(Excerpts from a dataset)
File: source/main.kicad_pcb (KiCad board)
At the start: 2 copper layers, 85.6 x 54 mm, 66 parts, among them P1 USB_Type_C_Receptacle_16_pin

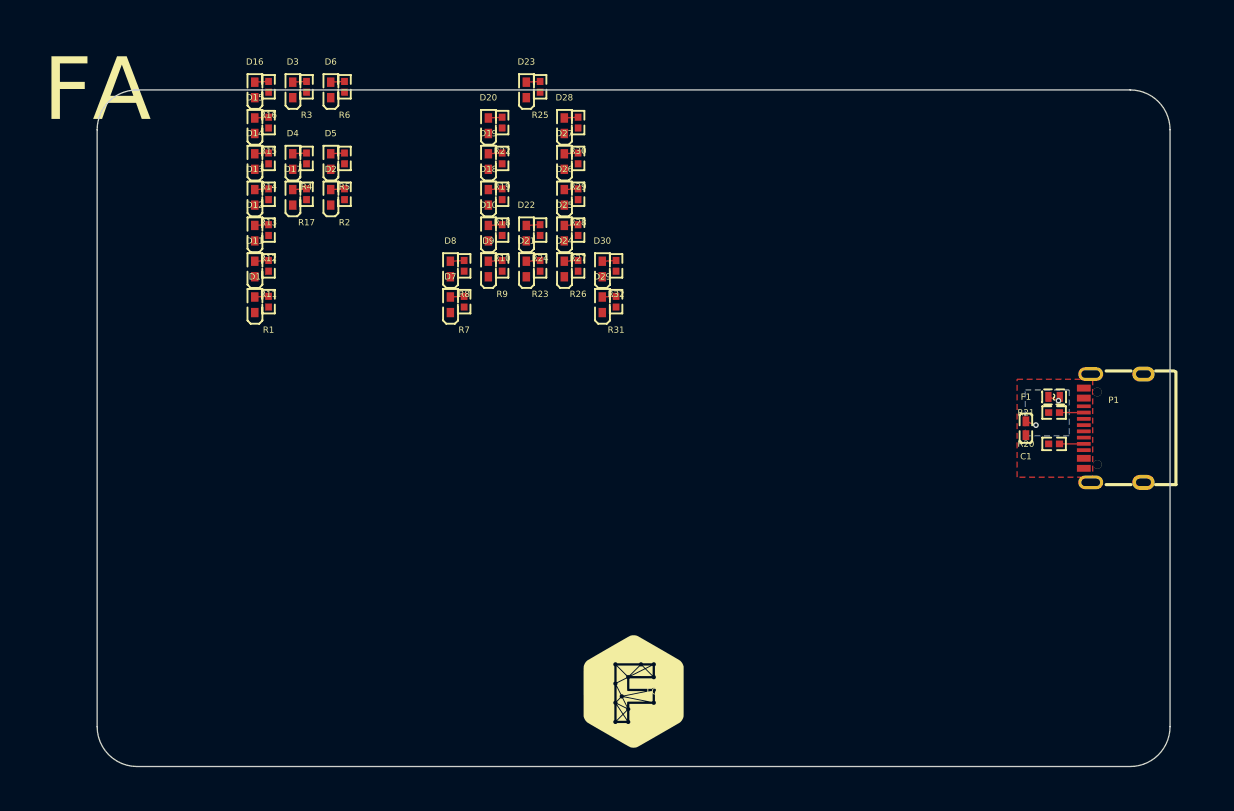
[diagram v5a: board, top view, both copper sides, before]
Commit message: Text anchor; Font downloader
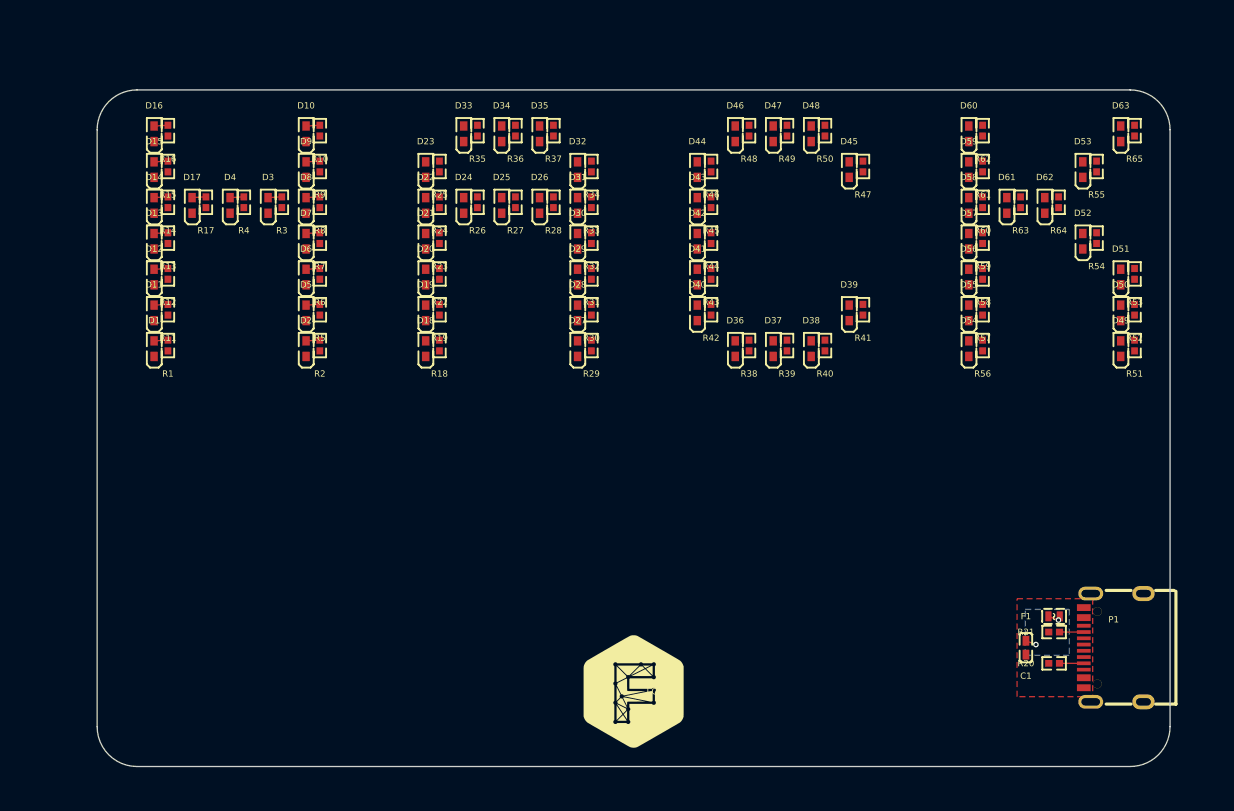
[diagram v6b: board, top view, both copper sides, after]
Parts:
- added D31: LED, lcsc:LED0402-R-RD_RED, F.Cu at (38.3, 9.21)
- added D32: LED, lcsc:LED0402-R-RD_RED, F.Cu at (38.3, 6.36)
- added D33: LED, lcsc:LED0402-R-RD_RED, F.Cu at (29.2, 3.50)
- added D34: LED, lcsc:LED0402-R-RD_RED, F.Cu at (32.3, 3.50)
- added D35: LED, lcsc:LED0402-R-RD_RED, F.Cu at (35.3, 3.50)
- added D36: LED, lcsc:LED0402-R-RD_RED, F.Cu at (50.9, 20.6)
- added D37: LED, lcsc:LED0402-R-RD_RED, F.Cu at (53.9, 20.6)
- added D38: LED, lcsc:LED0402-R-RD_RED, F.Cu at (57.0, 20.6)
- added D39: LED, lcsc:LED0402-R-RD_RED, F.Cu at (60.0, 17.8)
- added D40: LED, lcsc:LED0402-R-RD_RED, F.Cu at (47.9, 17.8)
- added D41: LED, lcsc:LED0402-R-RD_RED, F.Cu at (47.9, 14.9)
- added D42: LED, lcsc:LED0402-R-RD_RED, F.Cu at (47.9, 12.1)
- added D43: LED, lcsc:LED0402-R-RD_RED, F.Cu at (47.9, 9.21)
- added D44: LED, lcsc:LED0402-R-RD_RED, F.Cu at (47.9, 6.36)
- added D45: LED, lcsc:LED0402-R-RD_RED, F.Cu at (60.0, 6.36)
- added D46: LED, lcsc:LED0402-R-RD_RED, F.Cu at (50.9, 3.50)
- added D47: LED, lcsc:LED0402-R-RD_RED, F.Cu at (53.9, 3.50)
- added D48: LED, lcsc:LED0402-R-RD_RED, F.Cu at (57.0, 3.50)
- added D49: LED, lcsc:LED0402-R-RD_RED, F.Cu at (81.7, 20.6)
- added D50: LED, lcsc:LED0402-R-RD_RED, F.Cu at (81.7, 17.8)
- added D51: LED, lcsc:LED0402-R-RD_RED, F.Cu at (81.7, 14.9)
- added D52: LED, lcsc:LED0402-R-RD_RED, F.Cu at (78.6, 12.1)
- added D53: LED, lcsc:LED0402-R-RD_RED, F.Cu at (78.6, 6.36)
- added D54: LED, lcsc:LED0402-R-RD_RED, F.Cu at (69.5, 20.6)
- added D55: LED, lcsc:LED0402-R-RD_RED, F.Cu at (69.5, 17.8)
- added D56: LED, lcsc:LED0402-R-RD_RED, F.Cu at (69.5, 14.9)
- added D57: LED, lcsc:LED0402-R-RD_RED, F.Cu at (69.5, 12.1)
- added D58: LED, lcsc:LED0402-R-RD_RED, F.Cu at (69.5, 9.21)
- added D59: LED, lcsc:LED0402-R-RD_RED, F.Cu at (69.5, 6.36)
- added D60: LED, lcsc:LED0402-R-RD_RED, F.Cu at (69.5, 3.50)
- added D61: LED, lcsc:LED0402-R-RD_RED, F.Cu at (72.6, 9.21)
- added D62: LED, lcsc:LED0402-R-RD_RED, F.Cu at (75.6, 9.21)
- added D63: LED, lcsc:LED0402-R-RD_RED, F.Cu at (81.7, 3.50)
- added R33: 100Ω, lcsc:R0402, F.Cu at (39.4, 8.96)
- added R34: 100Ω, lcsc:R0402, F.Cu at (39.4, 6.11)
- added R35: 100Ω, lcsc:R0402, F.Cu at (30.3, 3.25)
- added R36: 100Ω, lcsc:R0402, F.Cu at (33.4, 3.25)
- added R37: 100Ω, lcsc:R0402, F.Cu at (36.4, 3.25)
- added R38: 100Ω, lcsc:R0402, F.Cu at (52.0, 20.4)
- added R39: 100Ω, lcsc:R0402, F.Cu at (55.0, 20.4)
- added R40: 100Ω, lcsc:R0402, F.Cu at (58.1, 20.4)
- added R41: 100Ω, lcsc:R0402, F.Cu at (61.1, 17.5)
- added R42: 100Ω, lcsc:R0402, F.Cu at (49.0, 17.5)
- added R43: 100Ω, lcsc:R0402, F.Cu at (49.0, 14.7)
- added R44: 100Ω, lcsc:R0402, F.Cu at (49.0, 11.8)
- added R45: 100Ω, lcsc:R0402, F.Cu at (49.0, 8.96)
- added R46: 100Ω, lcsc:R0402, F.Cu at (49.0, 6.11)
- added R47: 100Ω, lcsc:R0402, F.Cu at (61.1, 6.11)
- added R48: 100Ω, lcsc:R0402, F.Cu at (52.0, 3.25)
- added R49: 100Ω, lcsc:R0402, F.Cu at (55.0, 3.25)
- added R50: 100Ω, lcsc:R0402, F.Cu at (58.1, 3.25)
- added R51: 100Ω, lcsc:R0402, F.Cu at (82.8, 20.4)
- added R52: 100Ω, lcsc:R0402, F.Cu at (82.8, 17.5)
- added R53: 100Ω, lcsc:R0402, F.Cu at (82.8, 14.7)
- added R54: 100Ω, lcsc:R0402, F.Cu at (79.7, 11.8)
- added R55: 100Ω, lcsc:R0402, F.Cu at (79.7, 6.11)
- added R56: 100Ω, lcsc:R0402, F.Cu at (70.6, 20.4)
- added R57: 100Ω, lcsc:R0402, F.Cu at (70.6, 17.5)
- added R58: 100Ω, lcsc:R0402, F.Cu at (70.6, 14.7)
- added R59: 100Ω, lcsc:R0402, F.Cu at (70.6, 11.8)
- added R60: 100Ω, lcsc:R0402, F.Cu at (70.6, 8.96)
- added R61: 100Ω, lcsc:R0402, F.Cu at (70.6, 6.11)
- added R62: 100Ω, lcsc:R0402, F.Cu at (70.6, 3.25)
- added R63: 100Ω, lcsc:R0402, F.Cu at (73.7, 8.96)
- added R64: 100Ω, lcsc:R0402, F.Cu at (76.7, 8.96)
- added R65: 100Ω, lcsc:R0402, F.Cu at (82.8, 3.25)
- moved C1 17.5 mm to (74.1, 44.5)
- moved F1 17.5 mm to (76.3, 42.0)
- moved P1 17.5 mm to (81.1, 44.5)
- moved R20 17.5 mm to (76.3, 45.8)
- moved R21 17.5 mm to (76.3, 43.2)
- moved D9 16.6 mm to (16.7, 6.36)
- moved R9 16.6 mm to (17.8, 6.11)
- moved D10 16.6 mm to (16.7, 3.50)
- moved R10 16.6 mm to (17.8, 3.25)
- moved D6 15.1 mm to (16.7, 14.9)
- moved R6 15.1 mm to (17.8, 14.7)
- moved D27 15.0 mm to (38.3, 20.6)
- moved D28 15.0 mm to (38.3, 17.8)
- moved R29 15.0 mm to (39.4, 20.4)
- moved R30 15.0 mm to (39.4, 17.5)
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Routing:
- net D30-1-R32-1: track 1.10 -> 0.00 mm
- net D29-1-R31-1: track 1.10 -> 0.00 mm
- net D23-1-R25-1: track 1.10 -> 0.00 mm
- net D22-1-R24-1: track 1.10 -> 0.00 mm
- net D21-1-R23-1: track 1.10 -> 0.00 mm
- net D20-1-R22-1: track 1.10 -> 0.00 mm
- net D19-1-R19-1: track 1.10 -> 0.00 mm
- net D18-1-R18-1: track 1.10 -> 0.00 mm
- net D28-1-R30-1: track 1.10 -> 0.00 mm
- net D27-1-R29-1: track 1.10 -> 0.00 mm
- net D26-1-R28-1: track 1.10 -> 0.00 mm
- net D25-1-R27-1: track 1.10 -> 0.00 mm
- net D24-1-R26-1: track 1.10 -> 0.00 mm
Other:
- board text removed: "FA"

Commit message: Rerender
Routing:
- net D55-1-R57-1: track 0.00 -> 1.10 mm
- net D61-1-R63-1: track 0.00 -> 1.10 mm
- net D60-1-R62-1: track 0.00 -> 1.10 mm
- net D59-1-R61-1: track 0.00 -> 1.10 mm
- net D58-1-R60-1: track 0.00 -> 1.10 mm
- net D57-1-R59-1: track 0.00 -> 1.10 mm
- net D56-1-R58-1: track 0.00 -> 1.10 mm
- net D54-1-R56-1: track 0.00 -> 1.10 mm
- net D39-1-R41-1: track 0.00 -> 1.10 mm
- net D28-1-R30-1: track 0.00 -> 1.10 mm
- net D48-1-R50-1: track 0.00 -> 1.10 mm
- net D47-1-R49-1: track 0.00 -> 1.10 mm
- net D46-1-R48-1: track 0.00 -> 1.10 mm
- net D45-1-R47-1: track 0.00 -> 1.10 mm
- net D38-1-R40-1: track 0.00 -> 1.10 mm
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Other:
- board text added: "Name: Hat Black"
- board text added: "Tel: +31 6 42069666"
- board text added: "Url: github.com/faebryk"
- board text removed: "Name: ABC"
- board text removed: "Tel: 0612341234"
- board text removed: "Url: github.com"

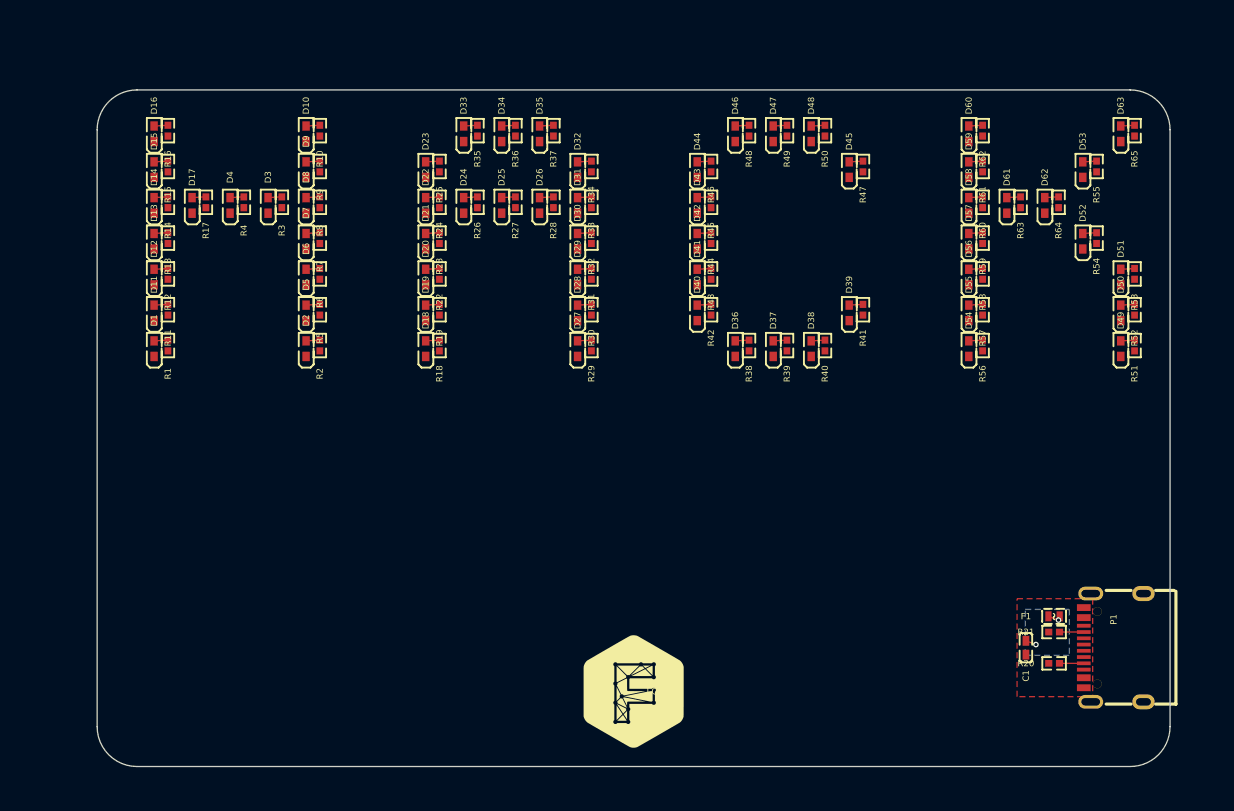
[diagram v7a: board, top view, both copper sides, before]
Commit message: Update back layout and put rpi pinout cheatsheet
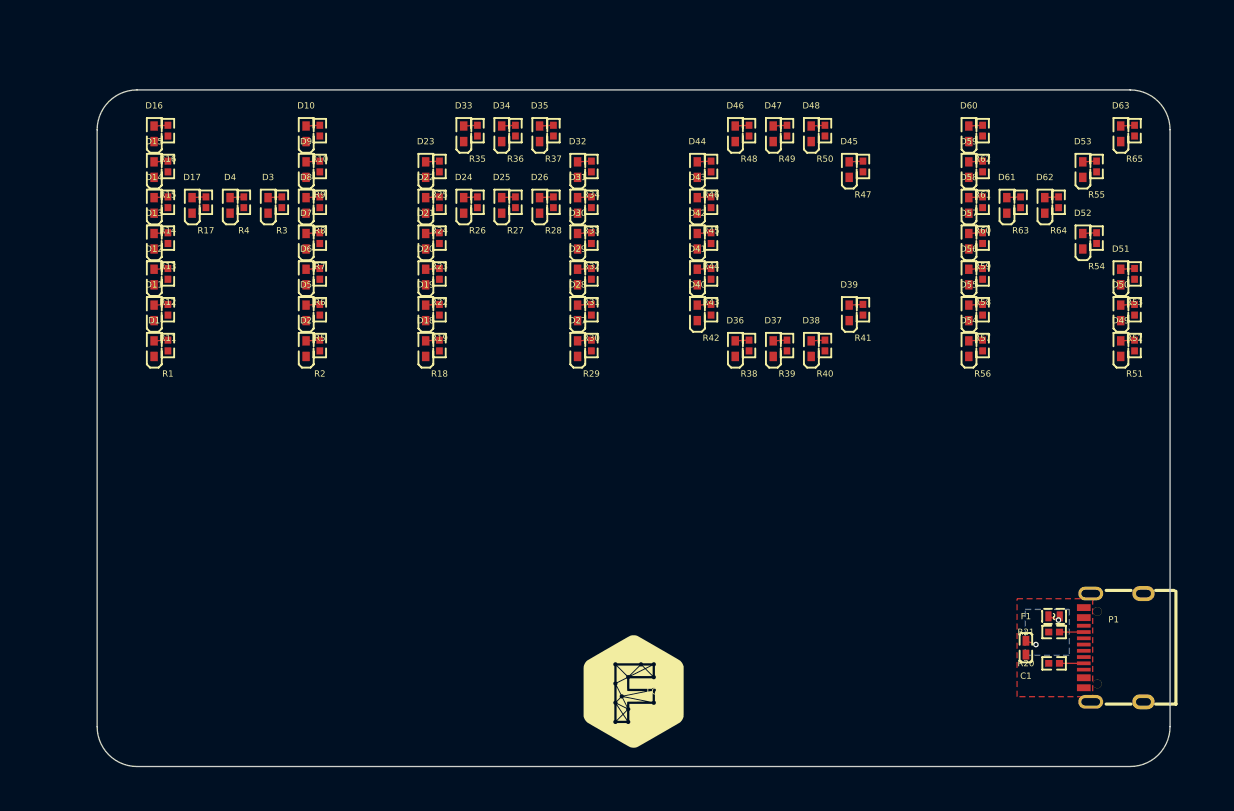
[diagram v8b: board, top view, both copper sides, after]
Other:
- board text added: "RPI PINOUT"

- Required action -
Pull every line with "both" from the records.

- Expected output -
[diagram v5a: board, top view, both copper sides, before]
[diagram v6b: board, top view, both copper sides, after]
[diagram v7a: board, top view, both copper sides, before]
[diagram v8b: board, top view, both copper sides, after]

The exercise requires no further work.